Finalmente, em 8 de junho de 1998, pilotando um Sêneca III, prefixo N4354F, Sady Bordin é checado e aprovado para receber sua licença de Piloto Comercial.
Retornando ao Brasil em junho, Bordin é obrigado pelo DAC a fazer novamente os cheques feitos nos EUA para poder obter suas licenças brasileiras.
Em 18 de julho, a bordo de um Corisco Turbo, prefixo PT-FXG, Bordin é checado e aprovado para obter sua licença de Piloto Comercial IFR.
Finalmente, em 14 de agosto, a bordo de um Sêneca III, prefixo PT-RZA, Bordin é checado e aprovado para obter sua licença de Multi-Motor.
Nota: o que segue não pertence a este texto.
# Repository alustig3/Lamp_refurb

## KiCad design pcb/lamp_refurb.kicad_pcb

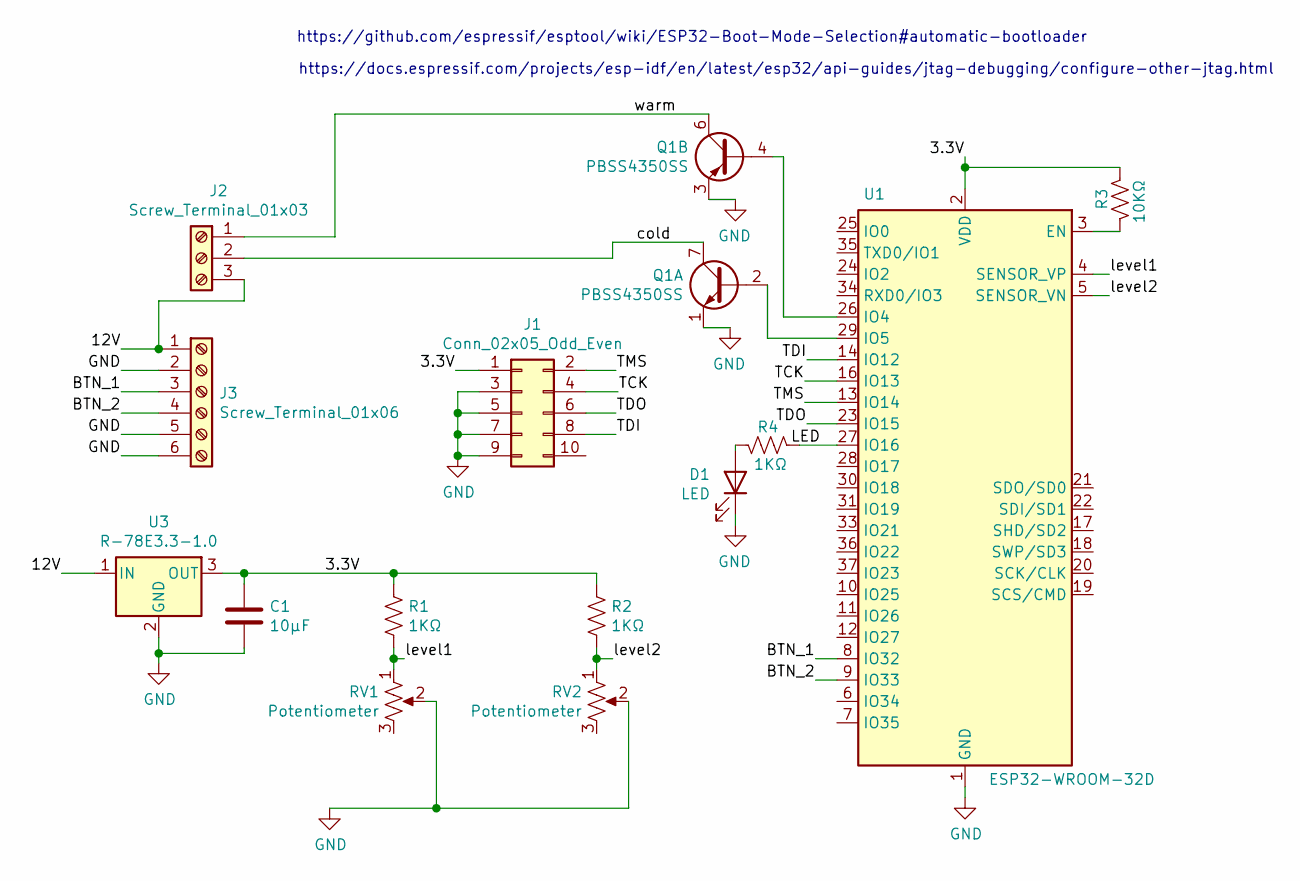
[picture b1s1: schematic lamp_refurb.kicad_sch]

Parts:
C1: 10µF; C_0805_2012Metric
D1: LED; LED_0805_2012Metric
J1: Conn_02x05_Odd_Even; SWD_2x5_socket
J2: Screw_Terminal_01x03; PinHeader_1x03_P2.54mm_Vertical
J3: Screw_Terminal_01x06; PinHeader_1x06_P2.54mm_Vertical
Q1: PBSS4350SS; SOIC-8_3.9x4.9mm_P1.27mm
R1, R2, R4: 1KΩ; R_0805_2012Metric
R3: 10KΩ; R_0805_2012Metric
RV1, RV2: Potentiometer; Panel_mount_pot
U1: ESP32-WROOM-32D; ESP32-WROOM-32
U3: R-78E3.3-1.0; Converter_DCDC_RECOM_R-78E-0.5_THT

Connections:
/3.3V: C1.1, J1.1, R1.1, R2.1, R3.2, U1.2 (VDD), U3.3 (OUT)
/12V: J2.3, J3.1, U3.1 (IN)
/BTN_1: J3.3, U1.8 (IO32)
/BTN_2: J3.4, U1.9 (IO33)
/LED: R4.2, U1.27 (IO16)
/TCK: J1.4, U1.16 (IO13)
/TDI: J1.8, U1.14 (IO12)
/TDO: J1.6, U1.23 (IO15)
/TMS: J1.2, U1.13 (IO14)
/cold: J2.2, Q1.7 (C1)
/level1: R1.2, RV1.1, U1.4 (SENSOR_VP)
/level2: R2.2, RV2.1, U1.5 (SENSOR_VN)
/warm: J2.1, Q1.6 (C2)
GND: C1.2, D1.1 (K), J1.3, J1.5, J1.7, J1.9, J3.2, J3.5, J3.6, Q1.1 (E1), Q1.3 (E2), RV1.2, RV2.2, U1.1 (GND), U1.15 (GND), U1.38 (GND), U1.39 (GND), U3.2 (GND)
unnamed: D1.2 (A), R4.1
unnamed: Q1.2 (B1), U1.29 (IO5)
unnamed: Q1.4 (B2), U1.26 (IO4)
unnamed: R3.1, U1.3 (EN)

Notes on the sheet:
https://github.com/espressif/esptool/wiki/ESP32-Boot-Mode-Selection#automatic-bootloader
https://docs.espressif.com/projects/esp-idf/en/latest/esp32/api-guides/jtag-debugging/configure-other-jtag.html

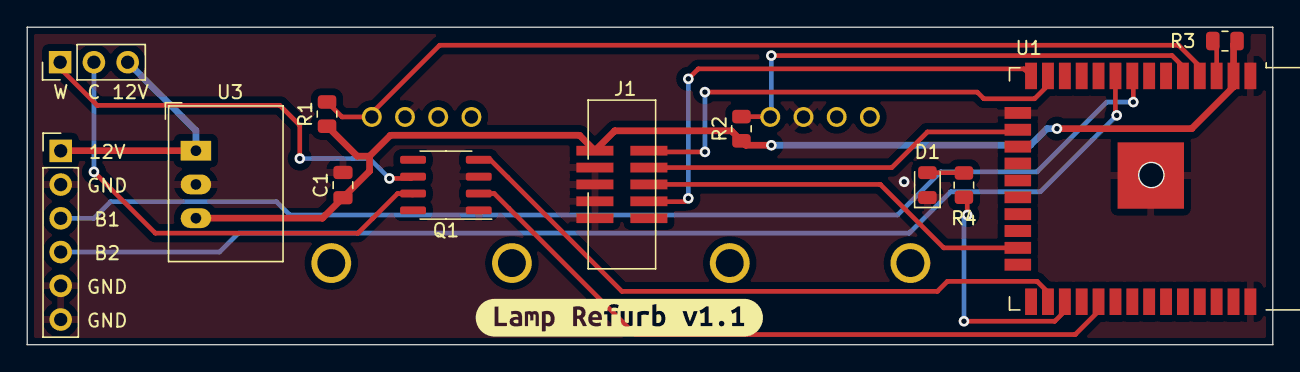
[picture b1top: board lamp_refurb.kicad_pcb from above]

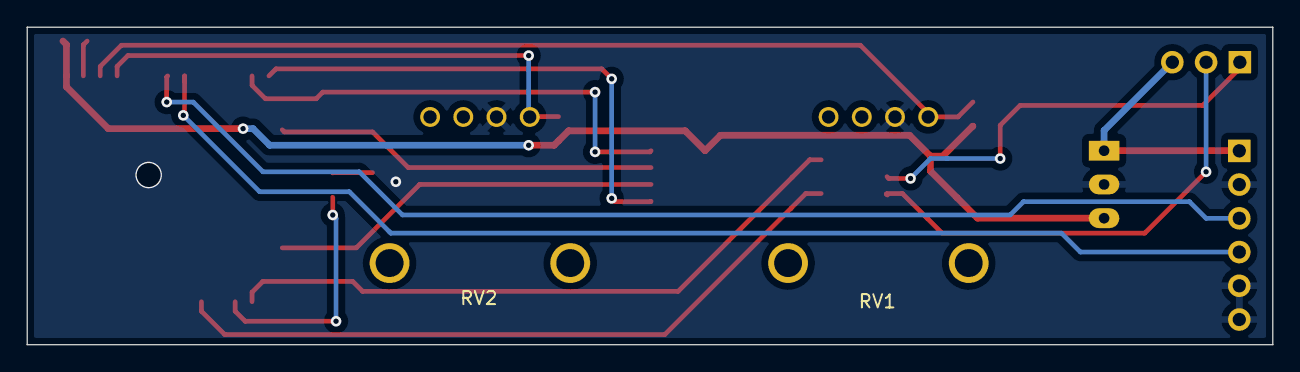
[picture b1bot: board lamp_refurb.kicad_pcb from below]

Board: 2 copper layers, 93.8 x 23.9 mm, 15 parts (2 on the bottom side), 18 nets.

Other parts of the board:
svg2mod: G***; svg2mod

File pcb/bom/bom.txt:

"Qty","Reference","Description","Value/MPN","Purchase Link"
"1","C1","0805 Capacitor","10µF","~"
"1","D1","","LED","~"
"1","J1","","Conn_02x05_Odd_Even","~"
"1","J2","","Screw_Terminal_01x03","~"
"1","J3","","Screw_Terminal_01x06","~"
"1","Q1","","PBSS4350SS","https://www.digikey.com/en/products/detail/nexperia-usa-inc/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"
"3","R1, R2, R4","0805 Resistor","1KΩ","~"
"1","R3","0805 Resistor","10KΩ","~"
"2","RV1, RV2","","Potentiometer","https://www.digikey.com/en/products/detail/bourns-inc/PTV111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"
"1","U1","","ESP32-WROOM-32D","https://www.espressif.com/sites/default/files/documentation/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"
"1","U3","","R-78E3.3-1.0","https://www.digikey.com/en/products/detail/recom-power/R-78E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"

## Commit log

2020-10-12 PCB v1.0
2020-10-22 working software
2020-10-23 Updates output only when there is change in input
2020-10-26 Red btn features
    - now only tries to handle events if put into update mode by holding red button while light is off
    - holding red button while light is on, turns LEDs on full blast
2020-10-26 changed interface
    - pressing black button puts it in high power mode
    - otherwise, inner knob is color and outer knob is brightness
2020-11-24 cleaned up code
2020-11-24 telegram notifications working
2020-12-01 Lamp on duration send to telegram
2020-12-31 trying to debug
    after about a week, messages stop being sent. want to see if the MCU is getting an error when sending message to telegram, or if it thinks everything is working.
2021-01-18 fixed connection issue
    - if wifi connection was ever lost, messages from telegram would stop being succesful
    - added function for reconnecting wifi if received error from telegram message attempt
2021-02-22 removed wifi features
2021-04-26 PCB v1.1
2021-04-26 moved files

Com as licenças brasileiras na
mão, Sady Bordin procura a Embraer para fazer o curso do Brasília (turboélice
para 30 passageiros). Após duas semanas de aula teórica, para conhecer todos os
sistemas do avião, Bordin faz 20 horas de
simulador e é checado e aprovado no
simulador para ser co-piloto de Brasília em instrução.
Em 14 de dezembro a realização do sonho: Bordin é admitido na Interbrasil Star (extinta companhia aérea regional de propriedade da falecida Transbrasil Linhas Aéreas) como co-piloto de Brasília.
2000 – Convite inesperado
No início de janeiro, após o fim de mais um vôo, Bordin é chamado para
conversar com o chefe dos pilotos. Um inesperado convite lhe aguardava: ser
transferido para a Transbrasil para ser co-piloto de Boeing 737.
Após o treinamento de praxe, curso teórico e 20 horas de simulador, Bordin entra em operação e em maio é checado em vôo e aprovado para receber sua licença de Co-Piloto de Boeing 737, versões 300 e 400.
Com o início da crise na Transbrasil e a conseqüente redução da frota, Bordin deixa a empresa em junho.
Após
ter atuado como empresário e professor universitário desde que deixou a
Transbrasil, Bordin resolve voltar às origens e para seu local de trabalho
preferido: o cock-pit de um avião!
Depois de 8 longos anos sem atuar como piloto de linha aérea, Bordin é convidado
para participar de uma seleção para co-pilotos de ATR na Trip Linhas Aéreas. A
difícil seleção envolveu entrevistas, provas de regulamento, inglês,
meteorologia, regras de vôo por instrumento e uma dinâmica de grupo.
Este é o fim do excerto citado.